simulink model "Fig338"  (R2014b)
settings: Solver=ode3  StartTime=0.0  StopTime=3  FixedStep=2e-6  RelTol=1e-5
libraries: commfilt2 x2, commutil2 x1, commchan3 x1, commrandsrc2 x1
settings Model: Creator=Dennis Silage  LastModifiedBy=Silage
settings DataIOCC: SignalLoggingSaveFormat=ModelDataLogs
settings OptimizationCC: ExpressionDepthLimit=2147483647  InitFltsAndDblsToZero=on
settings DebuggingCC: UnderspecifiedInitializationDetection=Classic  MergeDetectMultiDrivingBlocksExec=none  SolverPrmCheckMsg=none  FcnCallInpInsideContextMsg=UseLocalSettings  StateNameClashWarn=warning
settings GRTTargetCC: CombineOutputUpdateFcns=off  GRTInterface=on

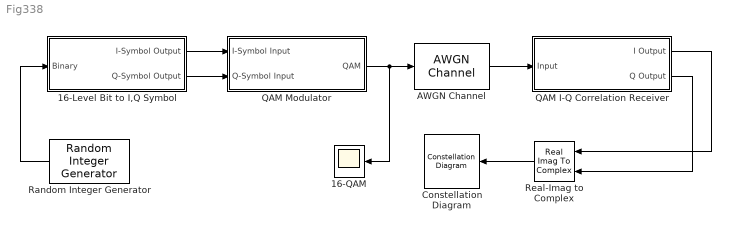
== system Fig338 ==
  16-Level Bit to I,Q Symbol : Subsystem
  16-QAM : Scope
      settings: TimeRange=0.005  YMin=-10  YMax=10  MaxDataPoints=8001
  AWGN Channel : commchan3/AWGN Channel  InputProcessing=Inherited (this choice will be removed - see release notes)  seed=randseed  noiseMode="Signal to noise ratio  (Eb/No)"  EbNodB=50  EsNodB=20  SNRdB=10  bitsPerSym=4  Ps=1.25  Tsym=4e-3  variance=0
  Constellation Diagram : ConstellationDiagram
  QAM I-Q Correlation Receiver : Subsystem
  QAM Modulator : Subsystem
  Random Integer Generator : commrandsrc2/Random Integer Generator  mul=2  seed=randseed  Ts=1e-3  frameBased=off  sampPerFrame=1  orient=off  outDataType=double
  Real-Imag to Complex : RealImagToComplex
  wires:
  QAM Modulator/1(QAM) -> AWGN Channel/1, 16-QAM/1
  Random Integer Generator/1 -> 16-Level Bit to I,Q Symbol/1(Binary)
  AWGN Channel/1 -> QAM I-Q Correlation Receiver/1(Input)
  16-Level Bit to I,Q Symbol/1(I-Symbol Output) -> QAM Modulator/1(I-Symbol Input)
  16-Level Bit to I,Q Symbol/2(Q-Symbol Output) -> QAM Modulator/2(Q-Symbol Input)
  Real-Imag to Complex/1 -> Constellation Diagram/1
  QAM I-Q Correlation Receiver/1(I Output) -> Real-Imag to Complex/1
  QAM I-Q Correlation Receiver/2(Q Output) -> Real-Imag to Complex/2

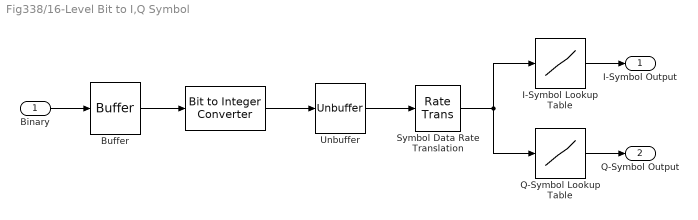
== system Fig338/16-Level Bit to I,Q Symbol ==
  Binary : Inport
  " " : commutil2/Bit to Integer Converter  nbits=4  bitOrder=MSB first  signedOutputValues=Unsigned  outDtype=Inherit via internal rule  outDtypeSigned=Inherit via internal rule
  Buffer : Buffer  N=4  TreatMby1Signals=One channel
  I-Symbol Lookup Table : Lookup_n-D  NumberOfTableDimensions=1  BreakpointsForDimension1=[0,1,2,3,4,5,6,7,8,9,10,11,12,13,14,15]  Table=[-1,-3,-1,-3,1,1,3,3,-1,-1,-3,-3,1,3,1,3]  InternalRulePriority=Speed  RndMeth=Simplest  InputSameDT=on
  Q-Symbol Lookup Table : Lookup_n-D  NumberOfTableDimensions=1  BreakpointsForDimension1=[0,1,2,3,4,5,6,7,8,9,10,11,12,13,14,15]  Table=[1,1,3,3,1,3,1,3,-1,-3,-1,-3,-1,-1,-3,-3]  InternalRulePriority=Speed  RndMeth=Simplest  InputSameDT=on
  Symbol Data Rate Translation : RateTransition  OutPortSampleTime=4e-3
  Unbuffer : Unbuffer  SampleBasedProcessing=Same as frame based
  I-Symbol Output : Outport
  Q-Symbol Output : Outport  Port=2
  wires:
  Symbol Data Rate Translation/1 -> Q-Symbol Lookup Table/1, I-Symbol Lookup Table/1
  Binary/1 -> Buffer/1
  Buffer/1 -> " "/1
  " "/1 -> Unbuffer/1
  Unbuffer/1 -> Symbol Data Rate Translation/1
  I-Symbol Lookup Table/1 -> I-Symbol Output/1
  Q-Symbol Lookup Table/1 -> Q-Symbol Output/1

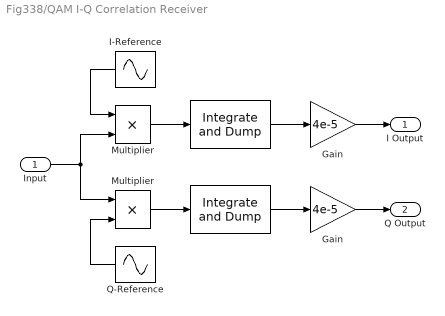
== system Fig338/QAM I-Q Correlation Receiver ==
  Input : Inport
  " " : commfilt2/Integrate and Dump  obssamples=2000  offsetsamples=0  nodump=off  roundingMode=Floor  overflowMode=off
  "  " : commfilt2/Integrate and Dump  obssamples=2000  offsetsamples=0  nodump=off  roundingMode=Floor  overflowMode=off
  Gain : Gain  Gain=4e-5
  "Gain " : Gain  Gain=4e-5
  I-Reference : Sin  Amplitude=5  Frequency=40000*pi  Phase=pi/2  SampleTime=2e-6
  Multiplier : Product  RndMeth=Zero
  "Multiplier " : Product  RndMeth=Zero
  Q-Reference : Sin  Amplitude=5  Frequency=40000*pi  SampleTime=2e-6
  I Output : Outport
  Q Output : Outport  Port=2
  wires:
  "Multiplier "/1 -> " "/1
  Multiplier/1 -> "  "/1
  " "/1 -> Gain/1
  "  "/1 -> "Gain "/1
  I-Reference/1 -> "Multiplier "/1
  Q-Reference/1 -> Multiplier/2
  Input/1 -> "Multiplier "/2, Multiplier/1
  Gain/1 -> I Output/1
  "Gain "/1 -> Q Output/1

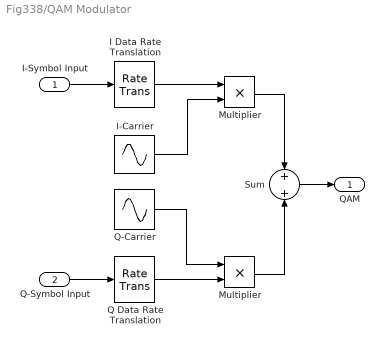
== system Fig338/QAM Modulator ==
  I-Symbol Input : Inport
  Q-Symbol Input : Inport  Port=2
  " Multiplier " : Product  RndMeth=Zero
  I Data Rate Translation : RateTransition  OutPortSampleTime=2e-6
  I-Carrier : Sin  Amplitude=5  Frequency=40000*pi  Phase=pi/2  SampleTime=2e-6  VectorParams1D=off
  Multiplier : Product  RndMeth=Zero
  Q Data Rate Translation : RateTransition  OutPortSampleTime=2e-6
  Q-Carrier : Sin  Amplitude=5  Frequency=40000*pi  SampleTime=2e-6  VectorParams1D=off
  Sum : Sum
  QAM : Outport
  wires:
  I Data Rate Translation/1 -> Multiplier/1
  Q Data Rate Translation/1 -> " Multiplier "/2
  I-Carrier/1 -> Multiplier/2
  Q-Carrier/1 -> " Multiplier "/1
  Multiplier/1 -> Sum/1
  " Multiplier "/1 -> Sum/2
  Sum/1 -> QAM/1
  I-Symbol Input/1 -> I Data Rate Translation/1
  Q-Symbol Input/1 -> Q Data Rate Translation/1

§ The problem: Where the listing above has a line with "settings OptimizationCC: ExpressionDepthLimit=2147483647", start there, and output every line exactly through the line with "settings GRTTargetCC: CombineOutputUpdateFcns=off", which is also included.

§ Finished task:
settings OptimizationCC: ExpressionDepthLimit=2147483647  InitFltsAndDblsToZero=on
settings DebuggingCC: UnderspecifiedInitializationDetection=Classic  MergeDetectMultiDrivingBlocksExec=none  SolverPrmCheckMsg=none  FcnCallInpInsideContextMsg=UseLocalSettings  StateNameClashWarn=warning
settings GRTTargetCC: CombineOutputUpdateFcns=off  GRTInterface=on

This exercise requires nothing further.